Subaru's characterful six-cylinder found in the top Legacy models is fitted to the Tribeca. It boasts 245bhp and decent pulling power but while it feels fine under most conditions, with maximum power found in the top half of the rev range the five-speed box often goes hunting for the right gear when faced with hills. It also has to often be forced to change down in order to get decent acceleration.
0-62mph takes 9.7 seconds, but in normal driving, the engine has to be worked hard and becomes noisy as a result. The Nissan Murano with its CVT gearbox and a little extra pulling power available lower down feels much livelier than the Subaru. The Tribeca's engine is also very thirsty, averaging a woeful 23mpg while emissions of 291g/km of CO2 make it expensive to tax.

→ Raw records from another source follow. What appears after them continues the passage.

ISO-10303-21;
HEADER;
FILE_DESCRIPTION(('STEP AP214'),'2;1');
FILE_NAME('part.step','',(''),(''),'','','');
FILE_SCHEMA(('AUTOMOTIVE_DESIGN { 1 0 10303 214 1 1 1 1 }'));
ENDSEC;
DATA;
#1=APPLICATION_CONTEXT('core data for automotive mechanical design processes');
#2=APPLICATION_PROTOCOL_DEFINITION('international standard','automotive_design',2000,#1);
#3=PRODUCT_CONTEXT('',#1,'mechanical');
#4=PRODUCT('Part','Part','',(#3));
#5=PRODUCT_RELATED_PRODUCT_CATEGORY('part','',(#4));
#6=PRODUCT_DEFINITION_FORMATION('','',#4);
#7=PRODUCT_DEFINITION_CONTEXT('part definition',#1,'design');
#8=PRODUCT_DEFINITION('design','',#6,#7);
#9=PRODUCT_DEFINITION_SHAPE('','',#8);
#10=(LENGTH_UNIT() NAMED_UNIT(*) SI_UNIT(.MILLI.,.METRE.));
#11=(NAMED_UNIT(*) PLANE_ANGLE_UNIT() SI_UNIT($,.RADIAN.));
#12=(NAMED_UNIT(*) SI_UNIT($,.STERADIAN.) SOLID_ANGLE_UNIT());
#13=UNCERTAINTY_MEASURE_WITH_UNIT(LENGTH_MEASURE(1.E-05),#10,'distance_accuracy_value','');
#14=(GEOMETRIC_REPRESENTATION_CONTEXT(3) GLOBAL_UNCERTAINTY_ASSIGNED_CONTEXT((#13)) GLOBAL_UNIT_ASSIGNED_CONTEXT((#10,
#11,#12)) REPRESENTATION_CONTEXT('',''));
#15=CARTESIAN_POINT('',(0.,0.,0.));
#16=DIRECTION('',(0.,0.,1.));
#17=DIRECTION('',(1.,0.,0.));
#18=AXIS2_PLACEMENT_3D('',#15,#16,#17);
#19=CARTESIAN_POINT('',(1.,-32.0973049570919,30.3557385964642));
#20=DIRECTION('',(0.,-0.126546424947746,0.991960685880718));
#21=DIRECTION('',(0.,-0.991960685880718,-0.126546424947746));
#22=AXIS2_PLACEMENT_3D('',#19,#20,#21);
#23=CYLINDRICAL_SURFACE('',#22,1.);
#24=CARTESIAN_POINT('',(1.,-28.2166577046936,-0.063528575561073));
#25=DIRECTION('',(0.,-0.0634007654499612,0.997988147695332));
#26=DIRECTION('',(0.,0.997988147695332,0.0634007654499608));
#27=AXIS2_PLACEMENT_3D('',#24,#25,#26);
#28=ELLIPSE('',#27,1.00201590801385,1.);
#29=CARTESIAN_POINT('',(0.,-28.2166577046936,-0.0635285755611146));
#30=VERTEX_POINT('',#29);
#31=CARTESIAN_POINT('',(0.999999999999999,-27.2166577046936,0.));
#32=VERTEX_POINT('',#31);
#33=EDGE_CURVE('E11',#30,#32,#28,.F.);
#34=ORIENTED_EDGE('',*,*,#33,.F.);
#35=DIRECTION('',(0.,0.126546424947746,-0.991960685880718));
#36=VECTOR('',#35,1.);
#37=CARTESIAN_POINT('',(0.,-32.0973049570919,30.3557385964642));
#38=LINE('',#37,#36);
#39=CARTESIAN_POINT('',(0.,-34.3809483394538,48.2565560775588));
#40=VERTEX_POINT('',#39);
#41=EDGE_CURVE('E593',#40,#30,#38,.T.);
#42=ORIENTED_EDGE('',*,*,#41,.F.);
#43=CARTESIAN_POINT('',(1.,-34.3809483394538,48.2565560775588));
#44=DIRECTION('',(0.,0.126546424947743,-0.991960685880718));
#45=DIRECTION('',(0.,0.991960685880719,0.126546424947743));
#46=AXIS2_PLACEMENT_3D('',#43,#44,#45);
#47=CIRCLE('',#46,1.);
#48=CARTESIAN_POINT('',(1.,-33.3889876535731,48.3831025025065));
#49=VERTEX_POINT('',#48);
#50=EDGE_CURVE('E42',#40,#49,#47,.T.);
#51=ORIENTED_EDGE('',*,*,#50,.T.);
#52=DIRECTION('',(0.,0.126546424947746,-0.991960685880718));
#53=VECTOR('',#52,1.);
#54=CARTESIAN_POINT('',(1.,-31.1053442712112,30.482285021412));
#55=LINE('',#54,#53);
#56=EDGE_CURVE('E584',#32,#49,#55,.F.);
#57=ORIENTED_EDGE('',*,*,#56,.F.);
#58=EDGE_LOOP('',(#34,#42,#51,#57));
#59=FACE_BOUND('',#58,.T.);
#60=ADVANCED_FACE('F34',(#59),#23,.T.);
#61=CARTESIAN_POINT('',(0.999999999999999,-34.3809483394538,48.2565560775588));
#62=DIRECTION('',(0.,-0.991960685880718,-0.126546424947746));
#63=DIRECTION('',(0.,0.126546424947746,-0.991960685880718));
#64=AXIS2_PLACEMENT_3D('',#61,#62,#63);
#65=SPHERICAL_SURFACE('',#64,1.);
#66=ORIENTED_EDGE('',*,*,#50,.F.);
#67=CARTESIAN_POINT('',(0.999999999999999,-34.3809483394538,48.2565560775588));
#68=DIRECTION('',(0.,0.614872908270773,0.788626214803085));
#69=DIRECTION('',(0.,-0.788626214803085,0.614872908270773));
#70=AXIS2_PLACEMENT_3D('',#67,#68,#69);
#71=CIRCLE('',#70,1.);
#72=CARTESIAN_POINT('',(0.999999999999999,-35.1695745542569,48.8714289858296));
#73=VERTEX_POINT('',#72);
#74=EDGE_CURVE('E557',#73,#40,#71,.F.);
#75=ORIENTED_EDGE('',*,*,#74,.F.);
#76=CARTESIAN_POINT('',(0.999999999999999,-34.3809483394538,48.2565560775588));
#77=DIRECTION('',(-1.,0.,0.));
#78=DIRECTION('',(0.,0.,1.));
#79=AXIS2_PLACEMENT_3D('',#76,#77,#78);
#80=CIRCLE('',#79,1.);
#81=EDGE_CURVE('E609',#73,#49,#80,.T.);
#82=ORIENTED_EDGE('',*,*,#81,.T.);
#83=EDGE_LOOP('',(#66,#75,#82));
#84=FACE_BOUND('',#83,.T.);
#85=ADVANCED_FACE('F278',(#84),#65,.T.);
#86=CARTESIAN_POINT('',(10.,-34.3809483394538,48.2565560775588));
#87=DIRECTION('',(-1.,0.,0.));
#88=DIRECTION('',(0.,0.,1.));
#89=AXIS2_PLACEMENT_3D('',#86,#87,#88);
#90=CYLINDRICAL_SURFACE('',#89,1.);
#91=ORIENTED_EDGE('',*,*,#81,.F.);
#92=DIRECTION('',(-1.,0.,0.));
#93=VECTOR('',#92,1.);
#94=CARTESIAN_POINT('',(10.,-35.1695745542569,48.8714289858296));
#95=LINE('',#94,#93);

Over-light steering aside, the Tribeca feels surefooted on the road with well controlled body roll and high levels of grip thanks to a low centre of gravity provided by Subaru's unique engine and transmission layout. It also helps the 4x4's ground clearance, although the Tribeca does without much of the hardware needed to venture off road anywhere more challenging than a gravel track.
The Tribeca rides smoothly and is happiest when cruising along the motorway. Tests in North America have shown the Tribeca is hardly more likely to roll in an emergency manoeuvre than a regular saloon car.
The Tribeca's modern interior design is appealing with sweeping curves from the dashboard to the centre console. The main dials are cowled and for the driver's eyes only. The switches and controls seem worthy of an upmarket car (which Tribeca is supposed to be), but the basketball texture of the top of the dashboard in hard plastic is rather out of place.
The steering is only adjustable for height - which is very poor on a car of this size and price - but otherwise the interior is a comfortable place to be.
Inside the Tribeca occupants are shielded from most of the harshness of the elements and the outside world. Wind noise and road noise are subdued, even at high speed and the engine is refined at sedate speeds. However, it can become noisy when revved. Automatic climate control is fitted as standard, as well as electric windows. The second row of seats is adjustable (sliding or reclining with a 60/40 split) allowing generous leg room with little impact on the luggage space of five-seat models.
Passengers in the (optional) third row of seats aren't quite treated as well as those in a Volvo XC90 or Land Rover Discovery 3. There's no tiered seating, but with the adjustment offered with the second row of seats, a decent compromise of space for passengers can be found.